Source data:
--------------------------------
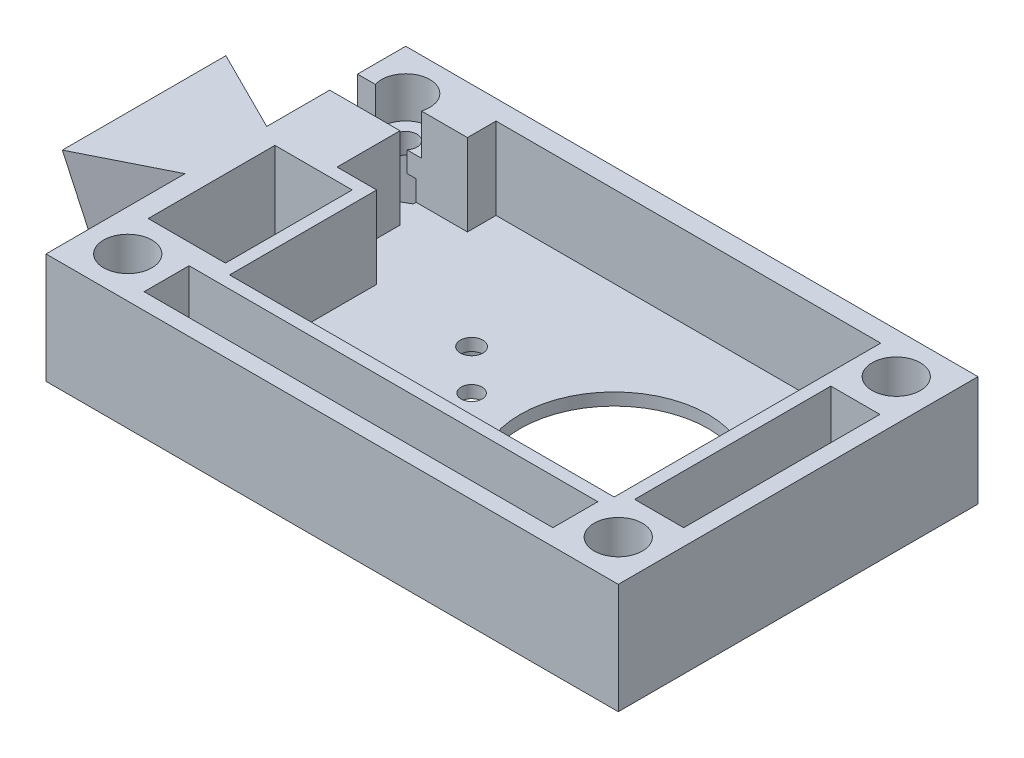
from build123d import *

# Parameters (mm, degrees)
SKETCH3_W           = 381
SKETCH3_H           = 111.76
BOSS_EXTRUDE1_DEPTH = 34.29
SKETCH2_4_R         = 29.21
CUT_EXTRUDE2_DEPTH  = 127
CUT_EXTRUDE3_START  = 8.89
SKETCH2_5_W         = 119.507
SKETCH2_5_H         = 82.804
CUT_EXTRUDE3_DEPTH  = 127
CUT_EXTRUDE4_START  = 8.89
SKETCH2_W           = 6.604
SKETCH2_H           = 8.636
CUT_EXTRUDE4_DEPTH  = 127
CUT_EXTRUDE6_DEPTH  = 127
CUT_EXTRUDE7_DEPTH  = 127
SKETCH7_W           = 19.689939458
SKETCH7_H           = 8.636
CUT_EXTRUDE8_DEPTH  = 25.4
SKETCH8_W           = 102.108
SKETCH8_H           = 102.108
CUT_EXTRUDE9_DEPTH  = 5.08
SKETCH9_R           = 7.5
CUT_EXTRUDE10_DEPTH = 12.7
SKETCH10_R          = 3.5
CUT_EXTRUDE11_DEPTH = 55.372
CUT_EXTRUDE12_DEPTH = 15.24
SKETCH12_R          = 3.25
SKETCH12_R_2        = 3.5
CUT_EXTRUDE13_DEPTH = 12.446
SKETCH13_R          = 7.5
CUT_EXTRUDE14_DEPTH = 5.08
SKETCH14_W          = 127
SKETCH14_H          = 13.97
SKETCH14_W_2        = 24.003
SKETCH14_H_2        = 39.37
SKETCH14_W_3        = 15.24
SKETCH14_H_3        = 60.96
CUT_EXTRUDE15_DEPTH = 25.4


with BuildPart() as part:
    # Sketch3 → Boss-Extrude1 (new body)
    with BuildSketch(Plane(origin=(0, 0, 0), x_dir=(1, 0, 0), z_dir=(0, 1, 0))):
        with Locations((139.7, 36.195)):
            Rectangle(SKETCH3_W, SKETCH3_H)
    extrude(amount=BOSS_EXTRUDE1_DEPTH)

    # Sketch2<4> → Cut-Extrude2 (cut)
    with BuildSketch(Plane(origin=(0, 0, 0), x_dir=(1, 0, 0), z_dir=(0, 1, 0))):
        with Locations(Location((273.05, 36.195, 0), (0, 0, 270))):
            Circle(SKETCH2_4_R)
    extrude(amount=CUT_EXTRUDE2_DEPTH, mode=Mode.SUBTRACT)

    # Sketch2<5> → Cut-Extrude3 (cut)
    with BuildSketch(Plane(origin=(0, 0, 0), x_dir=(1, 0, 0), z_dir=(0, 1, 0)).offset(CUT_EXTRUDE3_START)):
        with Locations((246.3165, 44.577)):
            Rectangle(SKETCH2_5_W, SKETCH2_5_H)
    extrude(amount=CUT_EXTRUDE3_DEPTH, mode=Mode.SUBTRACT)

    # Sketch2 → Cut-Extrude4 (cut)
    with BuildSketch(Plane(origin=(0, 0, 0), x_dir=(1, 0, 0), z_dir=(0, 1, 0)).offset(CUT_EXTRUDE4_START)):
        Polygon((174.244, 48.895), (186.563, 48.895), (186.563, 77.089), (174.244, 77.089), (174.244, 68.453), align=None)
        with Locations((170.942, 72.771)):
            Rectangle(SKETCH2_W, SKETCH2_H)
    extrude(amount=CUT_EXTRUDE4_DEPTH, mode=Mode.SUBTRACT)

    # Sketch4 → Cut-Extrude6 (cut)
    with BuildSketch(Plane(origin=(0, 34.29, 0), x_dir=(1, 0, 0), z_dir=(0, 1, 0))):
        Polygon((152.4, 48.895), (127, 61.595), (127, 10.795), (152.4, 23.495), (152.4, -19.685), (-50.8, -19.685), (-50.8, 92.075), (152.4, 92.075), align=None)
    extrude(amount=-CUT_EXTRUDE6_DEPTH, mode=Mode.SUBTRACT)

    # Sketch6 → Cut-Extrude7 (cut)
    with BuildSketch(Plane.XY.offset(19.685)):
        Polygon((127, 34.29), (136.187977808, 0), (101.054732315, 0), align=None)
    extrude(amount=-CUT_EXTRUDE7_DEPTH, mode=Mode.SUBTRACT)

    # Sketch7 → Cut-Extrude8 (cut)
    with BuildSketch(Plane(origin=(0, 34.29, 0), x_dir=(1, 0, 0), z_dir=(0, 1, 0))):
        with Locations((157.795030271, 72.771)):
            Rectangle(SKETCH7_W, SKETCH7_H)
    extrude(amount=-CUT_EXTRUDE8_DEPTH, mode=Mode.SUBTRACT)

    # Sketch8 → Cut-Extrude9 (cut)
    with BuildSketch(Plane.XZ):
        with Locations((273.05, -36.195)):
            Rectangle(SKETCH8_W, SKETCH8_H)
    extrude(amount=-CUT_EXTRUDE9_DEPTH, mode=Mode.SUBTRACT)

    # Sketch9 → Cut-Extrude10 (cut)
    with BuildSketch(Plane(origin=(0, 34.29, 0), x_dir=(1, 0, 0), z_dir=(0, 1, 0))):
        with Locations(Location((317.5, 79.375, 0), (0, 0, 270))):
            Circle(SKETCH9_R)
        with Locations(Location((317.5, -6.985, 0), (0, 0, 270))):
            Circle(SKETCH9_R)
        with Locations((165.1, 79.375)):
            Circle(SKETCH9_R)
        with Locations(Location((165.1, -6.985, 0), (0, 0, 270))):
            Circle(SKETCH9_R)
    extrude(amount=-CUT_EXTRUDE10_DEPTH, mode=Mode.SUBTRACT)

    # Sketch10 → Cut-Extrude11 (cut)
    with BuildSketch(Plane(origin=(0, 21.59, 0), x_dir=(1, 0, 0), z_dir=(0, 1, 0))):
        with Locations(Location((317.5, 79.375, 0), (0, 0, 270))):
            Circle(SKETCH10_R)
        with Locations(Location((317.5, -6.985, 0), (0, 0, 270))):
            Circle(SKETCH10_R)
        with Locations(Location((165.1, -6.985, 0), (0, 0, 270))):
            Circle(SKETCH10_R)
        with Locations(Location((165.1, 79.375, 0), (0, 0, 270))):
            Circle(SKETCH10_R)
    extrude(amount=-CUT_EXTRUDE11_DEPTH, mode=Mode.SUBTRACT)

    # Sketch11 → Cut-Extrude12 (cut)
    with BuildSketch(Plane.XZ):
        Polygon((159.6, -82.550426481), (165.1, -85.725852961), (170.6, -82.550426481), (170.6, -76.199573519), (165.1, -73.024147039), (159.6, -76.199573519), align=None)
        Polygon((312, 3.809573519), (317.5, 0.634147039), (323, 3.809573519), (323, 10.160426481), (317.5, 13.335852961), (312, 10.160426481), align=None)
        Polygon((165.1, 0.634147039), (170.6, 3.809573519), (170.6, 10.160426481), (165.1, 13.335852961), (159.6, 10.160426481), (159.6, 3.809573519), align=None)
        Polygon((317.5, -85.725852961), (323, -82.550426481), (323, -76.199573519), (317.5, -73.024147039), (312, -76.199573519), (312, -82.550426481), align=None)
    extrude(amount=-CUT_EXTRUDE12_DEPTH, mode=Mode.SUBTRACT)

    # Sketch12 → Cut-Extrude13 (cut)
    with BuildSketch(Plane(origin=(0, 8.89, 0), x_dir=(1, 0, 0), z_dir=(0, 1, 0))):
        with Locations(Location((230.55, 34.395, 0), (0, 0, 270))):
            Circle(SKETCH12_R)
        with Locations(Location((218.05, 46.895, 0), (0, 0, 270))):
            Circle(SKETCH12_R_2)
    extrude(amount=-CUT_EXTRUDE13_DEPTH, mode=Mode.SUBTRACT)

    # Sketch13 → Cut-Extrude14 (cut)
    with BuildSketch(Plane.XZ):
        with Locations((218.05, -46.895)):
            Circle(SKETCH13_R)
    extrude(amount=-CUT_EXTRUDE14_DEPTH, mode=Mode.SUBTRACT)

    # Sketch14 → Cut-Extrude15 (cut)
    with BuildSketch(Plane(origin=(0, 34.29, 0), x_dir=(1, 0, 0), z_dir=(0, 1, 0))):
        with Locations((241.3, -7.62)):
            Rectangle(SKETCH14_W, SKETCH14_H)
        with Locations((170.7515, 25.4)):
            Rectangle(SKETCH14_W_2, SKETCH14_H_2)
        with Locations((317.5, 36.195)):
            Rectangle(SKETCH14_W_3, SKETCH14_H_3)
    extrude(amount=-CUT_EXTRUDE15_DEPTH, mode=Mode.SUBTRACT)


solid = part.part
--------------------------------
Starting with the line with "CUT_EXTRUDE13_DEPTH = 12.446" above and going on through the line with "with BuildPart() as", transcribe every line exactly, both ends included, and add nothing.

Expected answer:
CUT_EXTRUDE13_DEPTH = 12.446
SKETCH13_R          = 7.5
CUT_EXTRUDE14_DEPTH = 5.08
SKETCH14_W          = 127
SKETCH14_H          = 13.97
SKETCH14_W_2        = 24.003
SKETCH14_H_2        = 39.37
SKETCH14_W_3        = 15.24
SKETCH14_H_3        = 60.96
CUT_EXTRUDE15_DEPTH = 25.4


with BuildPart() as part:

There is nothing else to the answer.